Free CPA-Business Exam Braindumps (page: 23)

Page 23 of 132

A stockholder's right to inspect books and records of a corporation will be properly denied if the purpose of the inspection is to:

  1. Commence a stockholder's derivative suit.
  2. Obtain stockholder names for a retail mailing list.
  3. Solicit stockholders to vote for a change in the board of directors.
  4. Investigate possible management misconduct.

Answer(s): B

Explanation:

Choice "b" is correct. In general, a shareholder has a right to inspect the books and records of a corporation for purposes related to the stockholder's interest in the corporation. This right will be denied where the purpose is not reasonably related to their status as a shareholder. Obtaining stockholder names to create a retail mailing list is a personal purpose.
Choices "a", "c", and "d" are incorrect. The following reasons for shareholders to inspect the books of the corporation are reasonably related to their status as shareholders:

A). To commence a stockholder's derivative suit.
C). To solicit stockholders to vote for a change in the board of directors.
D). To investigate possible management misconduct.



Which of the following documents would most likely contain specific rules for the management of a business corporation?

  1. Articles of incorporation.
  2. Bylaws.
  3. Certificate of authority.
  4. Shareholders' agreement.

Answer(s): B

Explanation:

Choice "b" is correct. The bylaws are adopted by the incorporators or directors, are not required to be filed, and generally will contain rules desired regarding the operation of the corporation.
Choice "a" is incorrect. Articles of incorporation are filed with the state and contain information regarding the formation of the corporation.
Choice "c" is incorrect. A certificate of authority is filed with the foreign state that a business wishes to do business in and with permission from that state.
Choice "d" is incorrect. A shareholder agreement is a contract between shareholders for any rights or duties agreed upon between the parties.

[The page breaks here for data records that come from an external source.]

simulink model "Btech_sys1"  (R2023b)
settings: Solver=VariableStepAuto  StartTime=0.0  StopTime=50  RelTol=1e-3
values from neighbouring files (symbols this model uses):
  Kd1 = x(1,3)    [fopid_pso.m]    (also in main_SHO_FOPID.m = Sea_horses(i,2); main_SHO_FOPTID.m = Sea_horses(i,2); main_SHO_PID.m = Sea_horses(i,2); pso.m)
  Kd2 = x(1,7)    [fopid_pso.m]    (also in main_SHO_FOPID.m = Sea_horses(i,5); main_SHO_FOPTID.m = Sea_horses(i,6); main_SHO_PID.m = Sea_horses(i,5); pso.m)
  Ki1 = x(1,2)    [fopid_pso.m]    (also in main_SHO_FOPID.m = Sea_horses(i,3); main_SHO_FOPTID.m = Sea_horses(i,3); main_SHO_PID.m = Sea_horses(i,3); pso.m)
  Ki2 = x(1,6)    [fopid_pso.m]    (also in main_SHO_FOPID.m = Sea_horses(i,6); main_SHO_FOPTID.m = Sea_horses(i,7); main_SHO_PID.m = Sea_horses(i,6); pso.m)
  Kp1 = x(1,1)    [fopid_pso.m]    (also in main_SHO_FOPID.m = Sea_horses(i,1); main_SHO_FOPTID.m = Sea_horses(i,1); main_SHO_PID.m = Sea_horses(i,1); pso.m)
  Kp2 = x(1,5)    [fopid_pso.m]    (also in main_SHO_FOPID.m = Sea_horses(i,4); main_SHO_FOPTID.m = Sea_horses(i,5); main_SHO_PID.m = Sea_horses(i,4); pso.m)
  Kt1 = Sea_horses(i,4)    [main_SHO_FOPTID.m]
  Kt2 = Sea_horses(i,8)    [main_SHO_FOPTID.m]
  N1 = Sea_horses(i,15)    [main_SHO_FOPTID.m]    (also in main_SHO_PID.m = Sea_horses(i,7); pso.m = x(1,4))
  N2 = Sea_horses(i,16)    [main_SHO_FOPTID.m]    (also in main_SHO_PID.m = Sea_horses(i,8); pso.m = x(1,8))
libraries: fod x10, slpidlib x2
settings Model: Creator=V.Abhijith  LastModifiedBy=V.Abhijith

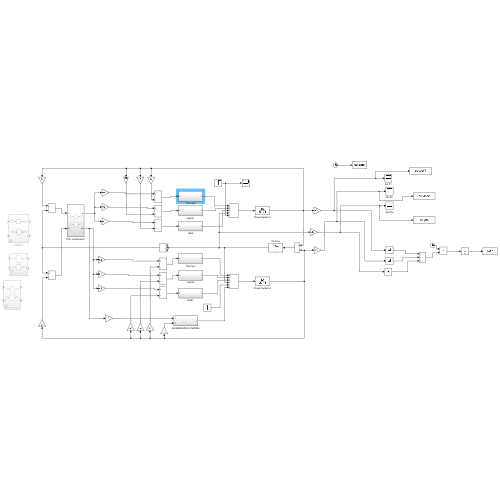
[thumbnail: Simulink's stored preview of the top-level diagram]
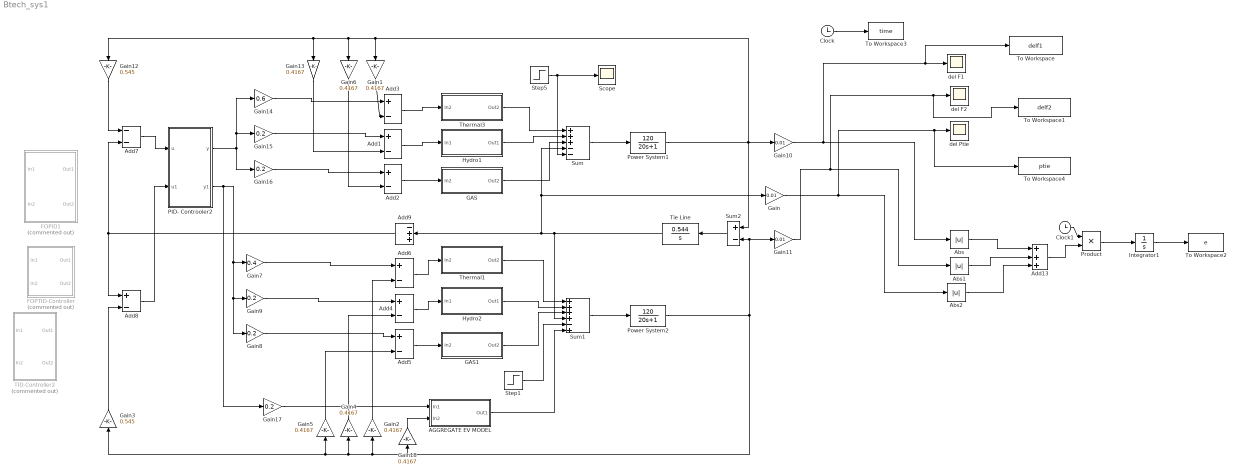
== system Btech_sys1 ==
  AGGREGATE EV MODEL : Subsystem
  Abs : Abs  SaturateOnIntegerOverflow=off
  Abs1 : Abs  SaturateOnIntegerOverflow=off
  Abs2 : Abs  SaturateOnIntegerOverflow=off
  Add{1..6,8} (7 alike) : Sum  Inputs=+-
  Add13 : Sum  Inputs=+++
  Add7 : Sum  Inputs=--
  Add9 : Sum  Inputs=-++
  Clock : Clock
  Clock1 : Clock
  FOPID1 : Subsystem  Commented=on
  FOPTID-Controller : Subsystem  Commented=on
  GAS : Subsystem
  GAS1 : Subsystem
  Gain : Gain  Gain=0.01
  Gain{1..2,4..6,13,18} (7 alike) : Gain  Gain=0.4167
  Gain10 : Gain  Gain=0.01
  Gain11 : Gain  Gain=0.01
  Gain12 : Gain  Gain=0.545
  Gain14 : Gain  Gain=0.6
  Gain{8..9,15..17} (5 alike) : Gain  Gain=0.2
  Gain3 : Gain  Gain=0.545
  Gain7 : Gain  Gain=0.4
  Hydro1 : Subsystem
  Hydro2 : Subsystem
  Integrator1 : Integrator
  PID- Controoler2 : Subsystem
  Power System1 : TransferFcn  Numerator=[120]  Denominator=[20 1]
  Power System2 : TransferFcn  Numerator=[120]  Denominator=[20 1]
  Product : Product
  Scope : Scope
  Step1 : Step  Time=0  After=0.03  SampleTime=0  ZeroCross=off
  Step5 : Step  Time=0  After=0.03  SampleTime=0  ZeroCross=off
  Sum : Sum  Inputs=+++--
  Sum1 : Sum  Inputs=++++-+
  Sum2 : Sum  Inputs=+-
  TID-Controller2 : Subsystem  Commented=on
  Thermal1 : Subsystem
  Thermal3 : Subsystem
  Tie Line : TransferFcn  Numerator=[0.544]  Denominator=[1 0]
  To Workspace : ToWorkspace  VariableName=delf1  SaveFormat=Timeseries  SampleTime=-1
  To Workspace1 : ToWorkspace  VariableName=delf2  SaveFormat=Timeseries  SampleTime=-1
  To Workspace2 : ToWorkspace  VariableName=e  SampleTime=-1
      settings: MaxDataPoints=1
  To Workspace3 : ToWorkspace  VariableName=time  SampleTime=-1
  To Workspace4 : ToWorkspace  VariableName=ptie  SaveFormat=Timeseries  SampleTime=-1
  del F1 : Scope
  del F2 : Scope
  del Ptie : Scope
  wires:
  Add8/1 -> PID- Controoler2/2(u1)
  Abs1/1 -> Add13/2
  Add4/1 -> Hydro2/1(In1)
  Step1/1 -> Sum1/5
  Tie Line/1 -> Add9/2, Gain/1, Sum/4, Sum1/4
  Abs2/1 -> Add13/3
  Add2/1 -> GAS/1(In2)
  Integrator1/1 -> To Workspace2/1
  Clock1/1 -> Product/1
  GAS1/1(Out2) -> Sum1/3
  PID- Controoler2/1(y) -> Gain16/1, Gain15/1, Gain14/1
  GAS/1(Out2) -> Sum/3
  Gain13/1 -> Add1/2
  Power System1/1 -> Gain10/1, Sum2/1, Gain12/1, Gain13/1, Gain6/1, Gain1/1
  Gain16/1 -> Add2/1
  Gain8/1 -> Add5/1
  Hydro2/1(Out1) -> Sum1/2
  Gain9/1 -> Add4/1
  Add1/1 -> Hydro1/1(In1)
  Hydro1/1(Out1) -> Sum/2
  Gain12/1 -> Add7/1
  Gain7/1 -> Add6/1
  Gain6/1 -> Add2/2
  Sum1/1 -> Power System2/1
  Sum/1 -> Power System1/1
  Gain5/1 -> Add5/2
  Add5/1 -> GAS1/1(In2)
  Sum2/1 -> Tie Line/1
  Thermal1/1(Out2) -> Sum1/1
  Product/1 -> Integrator1/1
  Gain3/1 -> Add8/2
  Power System2/1 -> Gain11/1, Sum2/2, Gain18/1, Gain3/1, Gain5/1, Gain4/1, Gain2/1
  Clock/1 -> To Workspace3/1
  Add9/1 -> Add8/1, Add7/2
  Step5/1 -> Sum/5, Scope/1
  Gain1/1 -> Add3/2
  Add6/1 -> Thermal1/1(In2)
  Gain4/1 -> Add4/2
  Abs/1 -> Add13/1
  Add7/1 -> PID- Controoler2/1(u)
  Gain2/1 -> Add6/2
  Gain15/1 -> Add1/1
  Gain14/1 -> Add3/1
  PID- Controoler2/2(y1) -> Gain17/1, Gain8/1, Gain9/1, Gain7/1
  Add13/1 -> Product/2
  Add3/1 -> Thermal3/1(In2)
  Thermal3/1(Out2) -> Sum/1
  AGGREGATE EV MODEL/1(Out1) -> Sum1/6
  Gain10/1 -> To Workspace/1, del F1/1, Abs/1
  Gain/1 -> To Workspace4/1, del Ptie/1, Abs2/1
  Gain11/1 -> To Workspace1/1, del F2/1, Abs1/1
  Gain17/1 -> AGGREGATE EV MODEL/1(In1)
  Gain18/1 -> AGGREGATE EV MODEL/2(In2)

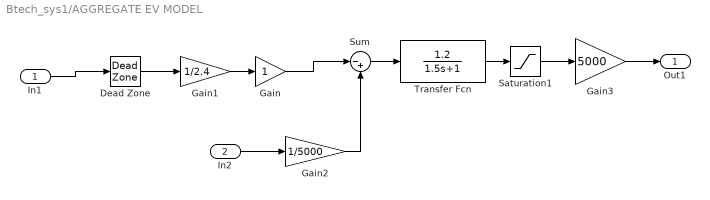
== system Btech_sys1/AGGREGATE EV MODEL ==
  In1 : Inport
  In2 : Inport  Port=2
  Dead Zone : DeadZone  LowerValue=-0.01  UpperValue=0.01
  Gain : Gain
  Gain1 : Gain  Gain=1/2.4
  Gain2 : Gain  Gain=1/5000
  Gain3 : Gain  Gain=5000
  Saturation1 : Saturate  UpperLimit=0.01  LowerLimit=-0.01
  Sum : Sum  Inputs=|-+
  Transfer Fcn : TransferFcn  Numerator=[1.2]  Denominator=[1.5 1]
  Out1 : Outport
  wires:
  Gain1/1 -> Gain/1
  Dead Zone/1 -> Gain1/1
  Sum/1 -> Transfer Fcn/1
  Gain/1 -> Sum/1
  Gain2/1 -> Sum/2
  In2/1 -> Gain2/1
  Transfer Fcn/1 -> Saturation1/1
  Saturation1/1 -> Gain3/1
  Gain3/1 -> Out1/1
  In1/1 -> Dead Zone/1

== system Btech_sys1/FOPID1 ==
  In1 : Inport
  In2 : Inport  Port=2
  Fractional PID controller1 : fod/Fractional PID controller  Kp=Kp2  Ki=Ki2  lambda=l2  Kd=Kd2  mic=m2  freqRange=[0.001, 1000]  N=5
      settings: SourceProductName=FOMCON Toolbox
  Fractional PID controller2 : fod/Fractional PID controller  Kp=Kp1  Ki=Ki1  lambda=l1  Kd=Kd1  mic=m1  freqRange=[0.001, 1000]  N=5
      settings: SourceProductName=FOMCON Toolbox
  Out1 : Outport
  Out2 : Outport  Port=2
  wires:
  In2/1 -> Fractional PID controller1/1
  Fractional PID controller2/1 -> Out1/1
  Fractional PID controller1/1 -> Out2/1
  In1/1 -> Fractional PID controller2/1

== system Btech_sys1/FOPTID-Controller ==
  In1 : Inport
  In2 : Inport  Port=2
  FOPTID : Subsystem
  FOPTID1 : Subsystem
  Out1 : Outport
  Out2 : Outport  Port=2
  wires:
  In1/1 -> FOPTID/1(In1)
  In2/1 -> FOPTID1/1(In1)
  FOPTID1/1(Out1) -> Out2/1
  FOPTID/1(Out1) -> Out1/1

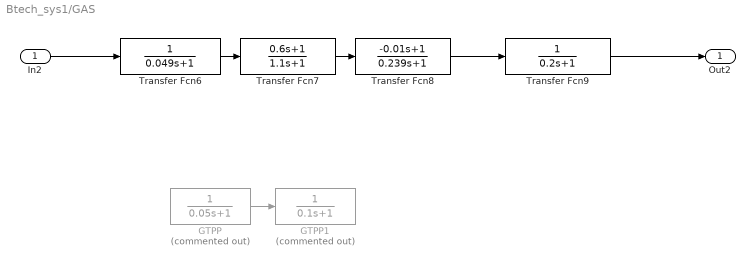
== system Btech_sys1/GAS ==
  In2 : Inport
  GTPP : TransferFcn  Commented=on  Denominator=[0.05 1]
  GTPP1 : TransferFcn  Commented=on  Denominator=[0.1 1]
  Transfer Fcn6 : TransferFcn  Denominator=[0.049 1]
  Transfer Fcn7 : TransferFcn  Numerator=[0.6 1]  Denominator=[1.1 1]
  Transfer Fcn8 : TransferFcn  Numerator=[-0.01 1]  Denominator=[0.239 1]
  Transfer Fcn9 : TransferFcn  Denominator=[0.2 1]
  Out2 : Outport
  wires:
  GTPP/1 -> GTPP1/1
  In2/1 -> Transfer Fcn6/1
  Transfer Fcn7/1 -> Transfer Fcn8/1
  Transfer Fcn6/1 -> Transfer Fcn7/1
  Transfer Fcn8/1 -> Transfer Fcn9/1
  Transfer Fcn9/1 -> Out2/1

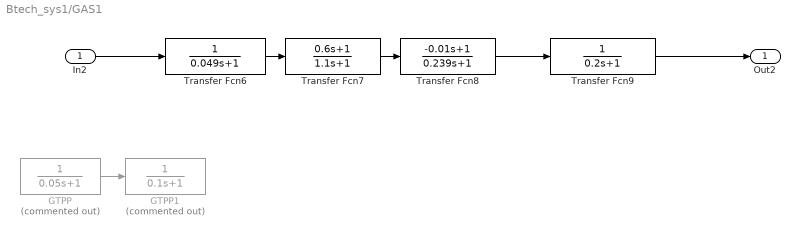
== system Btech_sys1/GAS1 ==
  In2 : Inport
  GTPP : TransferFcn  Commented=on  Denominator=[0.05 1]
  GTPP1 : TransferFcn  Commented=on  Denominator=[0.1 1]
  Transfer Fcn6 : TransferFcn  Denominator=[0.049 1]
  Transfer Fcn7 : TransferFcn  Numerator=[0.6 1]  Denominator=[1.1 1]
  Transfer Fcn8 : TransferFcn  Numerator=[-0.01 1]  Denominator=[0.239 1]
  Transfer Fcn9 : TransferFcn  Denominator=[0.2 1]
  Out2 : Outport
  wires:
  GTPP/1 -> GTPP1/1
  In2/1 -> Transfer Fcn6/1
  Transfer Fcn7/1 -> Transfer Fcn8/1
  Transfer Fcn6/1 -> Transfer Fcn7/1
  Transfer Fcn8/1 -> Transfer Fcn9/1
  Transfer Fcn9/1 -> Out2/1

== system Btech_sys1/Hydro1 ==
  In1 : Inport
  Transfer Fcn : TransferFcn  Denominator=[0.2 1]
  Transfer Fcn1 : TransferFcn  Numerator=[-1 1]  Denominator=[0.5 1]
  Transfer Fcn2 : TransferFcn  Numerator=[5 1]  Denominator=[28.75 1]
  Out1 : Outport
  wires:
  In1/1 -> Transfer Fcn/1
  Transfer Fcn/1 -> Transfer Fcn2/1
  Transfer Fcn2/1 -> Transfer Fcn1/1
  Transfer Fcn1/1 -> Out1/1

== system Btech_sys1/Hydro2 ==
  In1 : Inport
  Transfer Fcn : TransferFcn  Denominator=[0.2 1]
  Transfer Fcn1 : TransferFcn  Numerator=[-1 1]  Denominator=[0.5 1]
  Transfer Fcn2 : TransferFcn  Numerator=[5 1]  Denominator=[28.75 1]
  Out1 : Outport
  wires:
  In1/1 -> Transfer Fcn/1
  Transfer Fcn/1 -> Transfer Fcn2/1
  Transfer Fcn2/1 -> Transfer Fcn1/1
  Transfer Fcn1/1 -> Out1/1

== system Btech_sys1/PID- Controoler2 ==
  u : Inport
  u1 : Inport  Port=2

Following the formation of a corporation, which of the following terms best describes the process by which the promoter is released from, and the corporation is made liable for, pre-incorporation contractual obligations?

  1. Assignment.
  2. Novation.
  3. Delegation.
  4. Accord and satisfaction.

Answer(s): B

Explanation:

Choice "b" is correct. A promoter is personally liable for the contracts he or she enters into prior to incorporation. A corporation may become liable by adoption of the contract, and through the process of novation (an agreement among all of the parties), the promoter may be released from contractual obligations. Choice "a" is incorrect. An assignment is a transfer of a contractual duty to perform. After the transfer, both the assignor and assignee may be held liable for performance. The assignor is not, thereby, released from liability. Choice "c" is incorrect. A delegation is a transfer of a contractual duty to perform. Both the delegor and delegee are liable to perform after the assignment; it does not release the promoter from liability.
Choice "d" is incorrect. An accord is an agreement to change the performance due under a contract. Once the new terms are performed or satisfied, the original contract terms are terminated. Such an agreement does not automatically result in release of a promoter.



Which of the following parties is liable to repay an illegal distribution to a corporation?

  1. A director not breaching his or her duty in approving the distribution and the corporation is solvent.
  2. A director not breaching his or her duty in approving the distribution and the corporation is insolvent.
  3. A shareholder not knowing of the illegality of the distribution and the corporation is solvent.
  4. A shareholder knowing of the illegality of the distribution and the corporation is insolvent.

Answer(s): D

Explanation:

Choice "d" is correct. Illegal dividends from an insolvent company must be repaid to the corporation for the benefit of the creditors. A shareholder who knowingly accepts an illegal dividend is liable to return it.

Choices "a" and "b" are incorrect. If a director does not breach any duties in approving a distribution, the director is protected by the business judgment rule and is not liable for the distribution whether the corporation is solvent or insolvent.
Choice "c" is incorrect. A shareholder of a solvent corporation who unknowingly accepts an illegal distribution is not obligated to repay the distribution.